Edward N. Bell is a state prisoner under capital sentence for murder who has given notice that he intends to file a petition for a writ of habeas corpus in this court. His conviction and sentence were affirmed on direct appeal by the Virginia Supreme Court, Bell v. Commonwealth, *614 264 Va. 172, 563 S.E.2d 695 (2002), cert. denied, 537 U.S. 1123, 123 S.Ct. 860, 154 L.Ed.2d 805 (2003), and his state post-convietion efforts have been unsuccessful. On December 23, 2004, I stayed Bell’s execution, which was scheduled for January 7, 2005, pursuant to McFarland v. Scott, 512 U.S. 849, 859, 114 S.Ct. 2568, 129 L.Ed.2d 666 (1994) (holding that a federal district court has jurisdiction to stay an execution prior to the filing of a formal habeas corpus petition).
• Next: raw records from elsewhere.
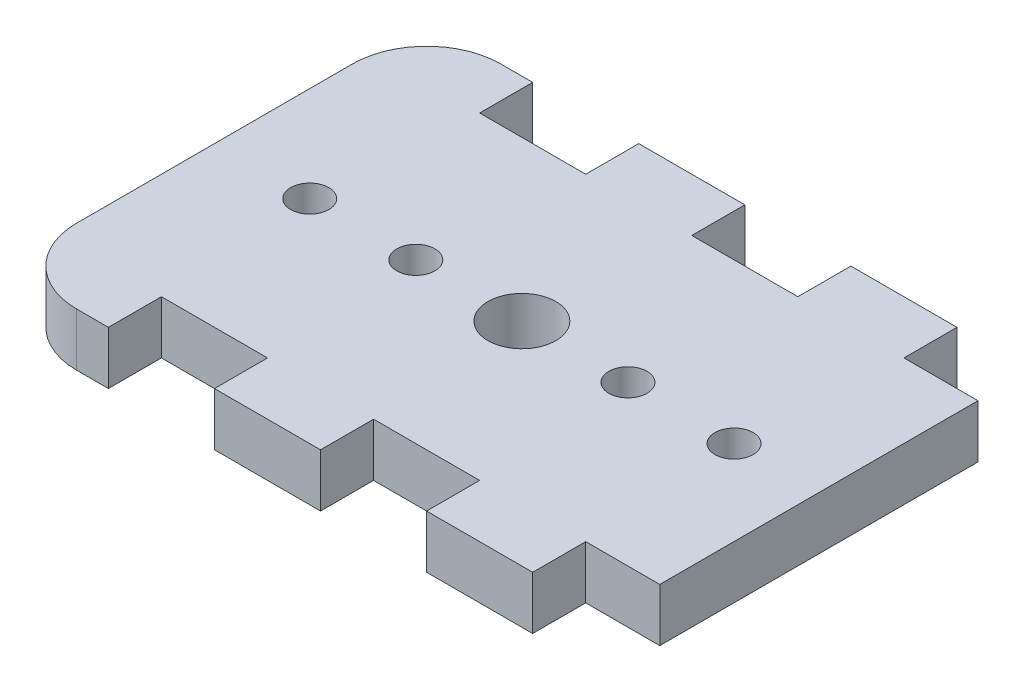
ISO-10303-21;
HEADER;
FILE_DESCRIPTION(('STEP AP214'),'2;1');
FILE_NAME('part.step','',(''),(''),'','','');
FILE_SCHEMA(('AUTOMOTIVE_DESIGN { 1 0 10303 214 1 1 1 1 }'));
ENDSEC;
DATA;
#1=APPLICATION_CONTEXT('core data for automotive mechanical design processes');
#2=APPLICATION_PROTOCOL_DEFINITION('international standard','automotive_design',2000,#1);
#3=PRODUCT_CONTEXT('',#1,'mechanical');
#4=PRODUCT('Part','Part','',(#3));
#5=PRODUCT_RELATED_PRODUCT_CATEGORY('part','',(#4));
#6=PRODUCT_DEFINITION_FORMATION('','',#4);
#7=PRODUCT_DEFINITION_CONTEXT('part definition',#1,'design');
#8=PRODUCT_DEFINITION('design','',#6,#7);
#9=PRODUCT_DEFINITION_SHAPE('','',#8);
#10=(LENGTH_UNIT() NAMED_UNIT(*) SI_UNIT(.MILLI.,.METRE.));
#11=(NAMED_UNIT(*) PLANE_ANGLE_UNIT() SI_UNIT($,.RADIAN.));
#12=(NAMED_UNIT(*) SI_UNIT($,.STERADIAN.) SOLID_ANGLE_UNIT());
#13=UNCERTAINTY_MEASURE_WITH_UNIT(LENGTH_MEASURE(1.E-05),#10,'distance_accuracy_value','');
#14=(GEOMETRIC_REPRESENTATION_CONTEXT(3) GLOBAL_UNCERTAINTY_ASSIGNED_CONTEXT((#13)) GLOBAL_UNIT_ASSIGNED_CONTEXT((#10,
#11,#12)) REPRESENTATION_CONTEXT('',''));
#15=CARTESIAN_POINT('',(0.,0.,0.));
#16=DIRECTION('',(0.,0.,1.));
#17=DIRECTION('',(1.,0.,0.));
#18=AXIS2_PLACEMENT_3D('',#15,#16,#17);
#19=CARTESIAN_POINT('',(-35.1663,6.35,25.4));
#20=DIRECTION('',(0.,0.,-1.));
#21=DIRECTION('',(-1.,0.,0.));
#22=AXIS2_PLACEMENT_3D('',#19,#20,#21);
#23=PLANE('',#22);
#24=DIRECTION('',(1.,0.,0.));
#25=VECTOR('',#24,1.);
#26=CARTESIAN_POINT('',(-35.1663,6.35,25.4));
#27=LINE('',#26,#25);
#28=CARTESIAN_POINT('',(-26.2763,6.35,25.4));
#29=VERTEX_POINT('',#28);
#30=CARTESIAN_POINT('',(-22.4663,6.35,25.4));
#31=VERTEX_POINT('',#30);
#32=EDGE_CURVE('E341',#29,#31,#27,.T.);
#33=ORIENTED_EDGE('',*,*,#32,.F.);
#34=DIRECTION('',(0.,-1.,0.));
#35=VECTOR('',#34,1.);
#36=CARTESIAN_POINT('',(-26.2763,6.35,25.4));
#37=LINE('',#36,#35);
#38=CARTESIAN_POINT('',(-26.2763,0.,25.4));
#39=VERTEX_POINT('',#38);
#40=EDGE_CURVE('E11',#29,#39,#37,.T.);
#41=ORIENTED_EDGE('',*,*,#40,.T.);
#42=DIRECTION('',(1.,0.,0.));
#43=VECTOR('',#42,1.);
#44=CARTESIAN_POINT('',(-35.1663,0.,25.4));
#45=LINE('',#44,#43);
#46=CARTESIAN_POINT('',(-22.4663,0.,25.4));
#47=VERTEX_POINT('',#46);
#48=EDGE_CURVE('E412',#39,#47,#45,.T.);
#49=ORIENTED_EDGE('',*,*,#48,.T.);
#50=DIRECTION('',(0.,-1.,0.));
#51=VECTOR('',#50,1.);
#52=CARTESIAN_POINT('',(-22.4663,6.35,25.4));
#53=LINE('',#52,#51);
#54=EDGE_CURVE('E319',#31,#47,#53,.T.);
#55=ORIENTED_EDGE('',*,*,#54,.F.);
#56=EDGE_LOOP('',(#33,#41,#49,#55));
#57=FACE_BOUND('',#56,.T.);
#58=ADVANCED_FACE('F32',(#57),#23,.F.);
#59=CARTESIAN_POINT('',(-22.4663,6.35,25.4));
#60=DIRECTION('',(-1.,0.,0.));
#61=DIRECTION('',(0.,0.,1.));
#62=AXIS2_PLACEMENT_3D('',#59,#60,#61);
#63=PLANE('',#62);
#64=DIRECTION('',(0.,0.,-1.));
#65=VECTOR('',#64,1.);
#66=CARTESIAN_POINT('',(-22.4663,0.,25.4));
#67=LINE('',#66,#65);
#68=CARTESIAN_POINT('',(-22.4663,0.,19.05));
#69=VERTEX_POINT('',#68);
#70=EDGE_CURVE('E414',#47,#69,#67,.T.);
#71=ORIENTED_EDGE('',*,*,#70,.T.);
#72=DIRECTION('',(0.,-1.,0.));
#73=VECTOR('',#72,1.);
#74=CARTESIAN_POINT('',(-22.4663,6.35,19.05));
#75=LINE('',#74,#73);
#76=CARTESIAN_POINT('',(-22.4663,6.35,19.05));
#77=VERTEX_POINT('',#76);
#78=EDGE_CURVE('E316',#77,#69,#75,.T.);
#79=ORIENTED_EDGE('',*,*,#78,.F.);
#80=DIRECTION('',(0.,0.,-1.));
#81=VECTOR('',#80,1.);
#82=CARTESIAN_POINT('',(-22.4663,6.35,25.4));
#83=LINE('',#82,#81);
#84=EDGE_CURVE('E458',#31,#77,#83,.T.);
#85=ORIENTED_EDGE('',*,*,#84,.F.);
#86=ORIENTED_EDGE('',*,*,#54,.T.);
#87=EDGE_LOOP('',(#71,#79,#85,#86));
#88=FACE_BOUND('',#87,.T.);
#89=ADVANCED_FACE('F527',(#88),#63,.F.);
#90=CARTESIAN_POINT('',(-22.4663,6.35,19.05));
#91=DIRECTION('',(0.,0.,-1.));
#92=DIRECTION('',(-1.,0.,0.));
#93=AXIS2_PLACEMENT_3D('',#90,#91,#92);
#94=PLANE('',#93);
#95=DIRECTION('',(1.,0.,0.));
#96=VECTOR('',#95,1.);
#97=CARTESIAN_POINT('',(-22.4663,0.,19.05));
#98=LINE('',#97,#96);
#99=CARTESIAN_POINT('',(-9.76629999999999,0.,19.05));
#100=VERTEX_POINT('',#99);
#101=EDGE_CURVE('E417',#69,#100,#98,.T.);
#102=ORIENTED_EDGE('',*,*,#101,.T.);
#103=DIRECTION('',(0.,-1.,0.));
#104=VECTOR('',#103,1.);
#105=CARTESIAN_POINT('',(-9.76629999999999,6.35,19.05));
#106=LINE('',#105,#104);
#107=CARTESIAN_POINT('',(-9.76629999999999,6.35,19.05));
#108=VERTEX_POINT('',#107);
#109=EDGE_CURVE('E313',#108,#100,#106,.T.);
#110=ORIENTED_EDGE('',*,*,#109,.F.);
#111=DIRECTION('',(1.,0.,0.));
#112=VECTOR('',#111,1.);
#113=CARTESIAN_POINT('',(-22.4663,6.35,19.05));
#114=LINE('',#113,#112);
#115=EDGE_CURVE('E456',#77,#108,#114,.T.);
#116=ORIENTED_EDGE('',*,*,#115,.F.);
#117=ORIENTED_EDGE('',*,*,#78,.T.);
#118=EDGE_LOOP('',(#102,#110,#116,#117));
#119=FACE_BOUND('',#118,.T.);
#120=ADVANCED_FACE('F533',(#119),#94,.F.);
#121=CARTESIAN_POINT('',(-9.76629999999999,6.35,19.05));
#122=DIRECTION('',(1.,0.,0.));
#123=DIRECTION('',(0.,0.,-1.));
#124=AXIS2_PLACEMENT_3D('',#121,#122,#123);
#125=PLANE('',#124);
#126=DIRECTION('',(0.,0.,1.));
#127=VECTOR('',#126,1.);
#128=CARTESIAN_POINT('',(-9.76629999999999,0.,19.05));
#129=LINE('',#128,#127);
#130=CARTESIAN_POINT('',(-9.76629999999999,0.,25.4));
#131=VERTEX_POINT('',#130);
#132=EDGE_CURVE('E419',#100,#131,#129,.T.);
#133=ORIENTED_EDGE('',*,*,#132,.T.);
#134=DIRECTION('',(0.,-1.,0.));
#135=VECTOR('',#134,1.);
#136=CARTESIAN_POINT('',(-9.76629999999999,6.35,25.4));
#137=LINE('',#136,#135);
#138=CARTESIAN_POINT('',(-9.76629999999999,6.35,25.4));
#139=VERTEX_POINT('',#138);
#140=EDGE_CURVE('E310',#139,#131,#137,.T.);
#141=ORIENTED_EDGE('',*,*,#140,.F.);
#142=DIRECTION('',(0.,0.,1.));
#143=VECTOR('',#142,1.);
#144=CARTESIAN_POINT('',(-9.76629999999999,6.35,19.05));
#145=LINE('',#144,#143);
#146=EDGE_CURVE('E454',#108,#139,#145,.T.);
#147=ORIENTED_EDGE('',*,*,#146,.F.);
#148=ORIENTED_EDGE('',*,*,#109,.T.);
#149=EDGE_LOOP('',(#133,#141,#147,#148));
#150=FACE_BOUND('',#149,.T.);
#151=ADVANCED_FACE('F778',(#150),#125,.F.);
#152=CARTESIAN_POINT('',(-9.76629999999999,6.35,25.4));
#153=DIRECTION('',(0.,0.,-1.));
#154=DIRECTION('',(-1.,0.,0.));
#155=AXIS2_PLACEMENT_3D('',#152,#153,#154);
#156=PLANE('',#155);
#157=DIRECTION('',(1.,0.,0.));
#158=VECTOR('',#157,1.);
#159=CARTESIAN_POINT('',(-9.76629999999999,0.,25.4));
#160=LINE('',#159,#158);
#161=CARTESIAN_POINT('',(2.93370000000001,0.,25.4));
#162=VERTEX_POINT('',#161);
#163=EDGE_CURVE('E421',#131,#162,#160,.T.);
#164=ORIENTED_EDGE('',*,*,#163,.T.);
#165=DIRECTION('',(0.,-1.,0.));
#166=VECTOR('',#165,1.);
#167=CARTESIAN_POINT('',(2.93370000000001,6.35,25.4));
#168=LINE('',#167,#166);
#169=CARTESIAN_POINT('',(2.93370000000001,6.35,25.4));
#170=VERTEX_POINT('',#169);
#171=EDGE_CURVE('E307',#170,#162,#168,.T.);
#172=ORIENTED_EDGE('',*,*,#171,.F.);
#173=DIRECTION('',(1.,0.,0.));
#174=VECTOR('',#173,1.);
#175=CARTESIAN_POINT('',(-9.76629999999999,6.35,25.4));
#176=LINE('',#175,#174);
#177=EDGE_CURVE('E452',#139,#170,#176,.T.);
#178=ORIENTED_EDGE('',*,*,#177,.F.);
#179=ORIENTED_EDGE('',*,*,#140,.T.);
#180=EDGE_LOOP('',(#164,#172,#178,#179));
#181=FACE_BOUND('',#180,.T.);
#182=ADVANCED_FACE('F768',(#181),#156,.F.);
#183=CARTESIAN_POINT('',(2.93370000000001,6.35,25.4));
#184=DIRECTION('',(-1.,0.,0.));
#185=DIRECTION('',(0.,0.,1.));
#186=AXIS2_PLACEMENT_3D('',#183,#184,#185);
#187=PLANE('',#186);
#188=DIRECTION('',(0.,0.,-1.));
#189=VECTOR('',#188,1.);
#190=CARTESIAN_POINT('',(2.93370000000001,0.,25.4));
#191=LINE('',#190,#189);
#192=CARTESIAN_POINT('',(2.93370000000001,0.,19.05));
#193=VERTEX_POINT('',#192);
#194=EDGE_CURVE('E423',#162,#193,#191,.T.);
#195=ORIENTED_EDGE('',*,*,#194,.T.);
#196=DIRECTION('',(0.,-1.,0.));
#197=VECTOR('',#196,1.);
#198=CARTESIAN_POINT('',(2.93370000000001,6.35,19.05));
#199=LINE('',#198,#197);
#200=CARTESIAN_POINT('',(2.93370000000001,6.35,19.05));
#201=VERTEX_POINT('',#200);
#202=EDGE_CURVE('E304',#201,#193,#199,.T.);
#203=ORIENTED_EDGE('',*,*,#202,.F.);
#204=DIRECTION('',(0.,0.,-1.));
#205=VECTOR('',#204,1.);
#206=CARTESIAN_POINT('',(2.93370000000001,6.35,25.4));
#207=LINE('',#206,#205);
#208=EDGE_CURVE('E450',#170,#201,#207,.T.);
#209=ORIENTED_EDGE('',*,*,#208,.F.);
#210=ORIENTED_EDGE('',*,*,#171,.T.);
#211=EDGE_LOOP('',(#195,#203,#209,#210));
#212=FACE_BOUND('',#211,.T.);
#213=ADVANCED_FACE('F758',(#212),#187,.F.);
#214=CARTESIAN_POINT('',(2.93370000000001,6.35,19.05));
#215=DIRECTION('',(0.,0.,-1.));
#216=DIRECTION('',(-1.,0.,0.));
#217=AXIS2_PLACEMENT_3D('',#214,#215,#216);
#218=PLANE('',#217);
#219=DIRECTION('',(1.,0.,0.));
#220=VECTOR('',#219,1.);
#221=CARTESIAN_POINT('',(2.93370000000001,0.,19.05));
#222=LINE('',#221,#220);
#223=CARTESIAN_POINT('',(15.6337,0.,19.05));
#224=VERTEX_POINT('',#223);
#225=EDGE_CURVE('E425',#193,#224,#222,.T.);
#226=ORIENTED_EDGE('',*,*,#225,.T.);
#227=DIRECTION('',(0.,-1.,0.));
#228=VECTOR('',#227,1.);
#229=CARTESIAN_POINT('',(15.6337,6.35,19.05));
#230=LINE('',#229,#228);
#231=CARTESIAN_POINT('',(15.6337,6.35,19.05));
#232=VERTEX_POINT('',#231);
#233=EDGE_CURVE('E301',#232,#224,#230,.T.);
#234=ORIENTED_EDGE('',*,*,#233,.F.);
#235=DIRECTION('',(1.,0.,0.));
#236=VECTOR('',#235,1.);
#237=CARTESIAN_POINT('',(2.93370000000001,6.35,19.05));
#238=LINE('',#237,#236);
#239=EDGE_CURVE('E448',#201,#232,#238,.T.);
#240=ORIENTED_EDGE('',*,*,#239,.F.);
#241=ORIENTED_EDGE('',*,*,#202,.T.);
#242=EDGE_LOOP('',(#226,#234,#240,#241));
#243=FACE_BOUND('',#242,.T.);
#244=ADVANCED_FACE('F748',(#243),#218,.F.);
#245=CARTESIAN_POINT('',(15.6337,6.35,19.05));
#246=DIRECTION('',(1.,0.,0.));
#247=DIRECTION('',(0.,0.,-1.));
#248=AXIS2_PLACEMENT_3D('',#245,#246,#247);
#249=PLANE('',#248);
#250=DIRECTION('',(0.,0.,1.));
#251=VECTOR('',#250,1.);
#252=CARTESIAN_POINT('',(15.6337,0.,19.05));
#253=LINE('',#252,#251);
#254=CARTESIAN_POINT('',(15.6337,0.,25.4));
#255=VERTEX_POINT('',#254);
#256=EDGE_CURVE('E427',#224,#255,#253,.T.);
#257=ORIENTED_EDGE('',*,*,#256,.T.);
#258=DIRECTION('',(0.,-1.,0.));
#259=VECTOR('',#258,1.);
#260=CARTESIAN_POINT('',(15.6337,6.35,25.4));
#261=LINE('',#260,#259);
#262=CARTESIAN_POINT('',(15.6337,6.35,25.4));
#263=VERTEX_POINT('',#262);
#264=EDGE_CURVE('E298',#263,#255,#261,.T.);
#265=ORIENTED_EDGE('',*,*,#264,.F.);
#266=DIRECTION('',(0.,0.,1.));
#267=VECTOR('',#266,1.);
#268=CARTESIAN_POINT('',(15.6337,6.35,19.05));
#269=LINE('',#268,#267);
#270=EDGE_CURVE('E446',#232,#263,#269,.T.);
#271=ORIENTED_EDGE('',*,*,#270,.F.);
#272=ORIENTED_EDGE('',*,*,#233,.T.);
#273=EDGE_LOOP('',(#257,#265,#271,#272));
#274=FACE_BOUND('',#273,.T.);
#275=ADVANCED_FACE('F738',(#274),#249,.F.);
#276=CARTESIAN_POINT('',(15.6337,6.35,25.4));
#277=DIRECTION('',(0.,0.,-1.));
#278=DIRECTION('',(-1.,0.,0.));
#279=AXIS2_PLACEMENT_3D('',#276,#277,#278);
#280=PLANE('',#279);
#281=DIRECTION('',(1.,0.,0.));
#282=VECTOR('',#281,1.);
#283=CARTESIAN_POINT('',(15.6337,0.,25.4));
#284=LINE('',#283,#282);
#285=CARTESIAN_POINT('',(28.3337,0.,25.4));
#286=VERTEX_POINT('',#285);
#287=EDGE_CURVE('E429',#255,#286,#284,.T.);
#288=ORIENTED_EDGE('',*,*,#287,.T.);
#289=DIRECTION('',(0.,-1.,0.));
#290=VECTOR('',#289,1.);
#291=CARTESIAN_POINT('',(28.3337,6.35,25.4));
#292=LINE('',#291,#290);
#293=CARTESIAN_POINT('',(28.3337,6.35,25.4));
#294=VERTEX_POINT('',#293);
#295=EDGE_CURVE('E295',#294,#286,#292,.T.);
#296=ORIENTED_EDGE('',*,*,#295,.F.);
#297=DIRECTION('',(1.,0.,0.));
#298=VECTOR('',#297,1.);
#299=CARTESIAN_POINT('',(15.6337,6.35,25.4));
#300=LINE('',#299,#298);
#301=EDGE_CURVE('E442',#263,#294,#300,.T.);
#302=ORIENTED_EDGE('',*,*,#301,.F.);
#303=ORIENTED_EDGE('',*,*,#264,.T.);
#304=EDGE_LOOP('',(#288,#296,#302,#303));
#305=FACE_BOUND('',#304,.T.);
#306=ADVANCED_FACE('F729',(#305),#280,.F.);
#307=CARTESIAN_POINT('',(28.3337,6.35,25.4));
#308=DIRECTION('',(-1.,0.,0.));
#309=DIRECTION('',(0.,0.,1.));
#310=AXIS2_PLACEMENT_3D('',#307,#308,#309);
#311=PLANE('',#310);
#312=DIRECTION('',(0.,0.,-1.));
#313=VECTOR('',#312,1.);
#314=CARTESIAN_POINT('',(28.3337,0.,25.4));
#315=LINE('',#314,#313);
#316=CARTESIAN_POINT('',(28.3337,0.,19.05));
#317=VERTEX_POINT('',#316);
#318=EDGE_CURVE('E237',#286,#317,#315,.T.);
#319=ORIENTED_EDGE('',*,*,#318,.T.);
#320=DIRECTION('',(0.,-1.,0.));
#321=VECTOR('',#320,1.);
#322=CARTESIAN_POINT('',(28.3337,6.35,19.05));
#323=LINE('',#322,#321);
#324=CARTESIAN_POINT('',(28.3337,6.35,19.05));
#325=VERTEX_POINT('',#324);
#326=EDGE_CURVE('E292',#325,#317,#323,.T.);
#327=ORIENTED_EDGE('',*,*,#326,.F.);
#328=DIRECTION('',(0.,0.,-1.));
#329=VECTOR('',#328,1.);
#330=CARTESIAN_POINT('',(28.3337,6.35,25.4));
#331=LINE('',#330,#329);
#332=EDGE_CURVE('E441',#294,#325,#331,.T.);
#333=ORIENTED_EDGE('',*,*,#332,.F.);
#334=ORIENTED_EDGE('',*,*,#295,.T.);
#335=EDGE_LOOP('',(#319,#327,#333,#334));
#336=FACE_BOUND('',#335,.T.);
#337=ADVANCED_FACE('F433',(#336),#311,.F.);
#338=CARTESIAN_POINT('',(28.3337,6.35,19.05));
#339=DIRECTION('',(0.,0.,-1.));
#340=DIRECTION('',(-1.,0.,0.));
#341=AXIS2_PLACEMENT_3D('',#338,#339,#340);
#342=PLANE('',#341);
#343=DIRECTION('',(1.,0.,0.));
#344=VECTOR('',#343,1.);
#345=CARTESIAN_POINT('',(28.3337,0.,19.05));
#346=LINE('',#345,#344);
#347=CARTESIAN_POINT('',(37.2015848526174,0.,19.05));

I also appointed counsel for Bell and allowed him to proceed in forma pauperis. Before me now are the state’s request that I require Bell to file his habeas petition within thirty days, and Bell’s objection to this request. In addition, Bell has moved for leave to employ investigative and expert assistance, to which the state has objected. Finally, the state objects to Bell’s efforts to provide information to the court ex parte with regard to the pending motions, and Bell seeks guidance as how to proceed in that regard in this litigation.

I

The state has requested that the court require Bell to file his petition within thirty days. Bell argues he is entitled to the entire time permitted by the one-year statute of limitations, which, according to Bell’s calculations, will run on August 11, 2005. I have previously rejected this same argument, see Lenz v. True, 324 F.Supp.2d 796, 797 (W.D.Va.2004), and I will further elaborate on my reasoning in this opinion.

In 1996, Congress enacted the Antiter-rorism and Effective Death Penalty Act (“AEDPA”), Pub.L. No. 104-132, 110 Stat. 1218 (1996). The AEDPA amended several portions of 28 U.S.C.A. § 2254 (West 1994 & Supp.2004), the statute which sets forth the procedures governing federal courts’ review of petitions for writs of ha-beas corpus. One such change involves the time limits placed on the filing of habe-as petitions by state prisoners.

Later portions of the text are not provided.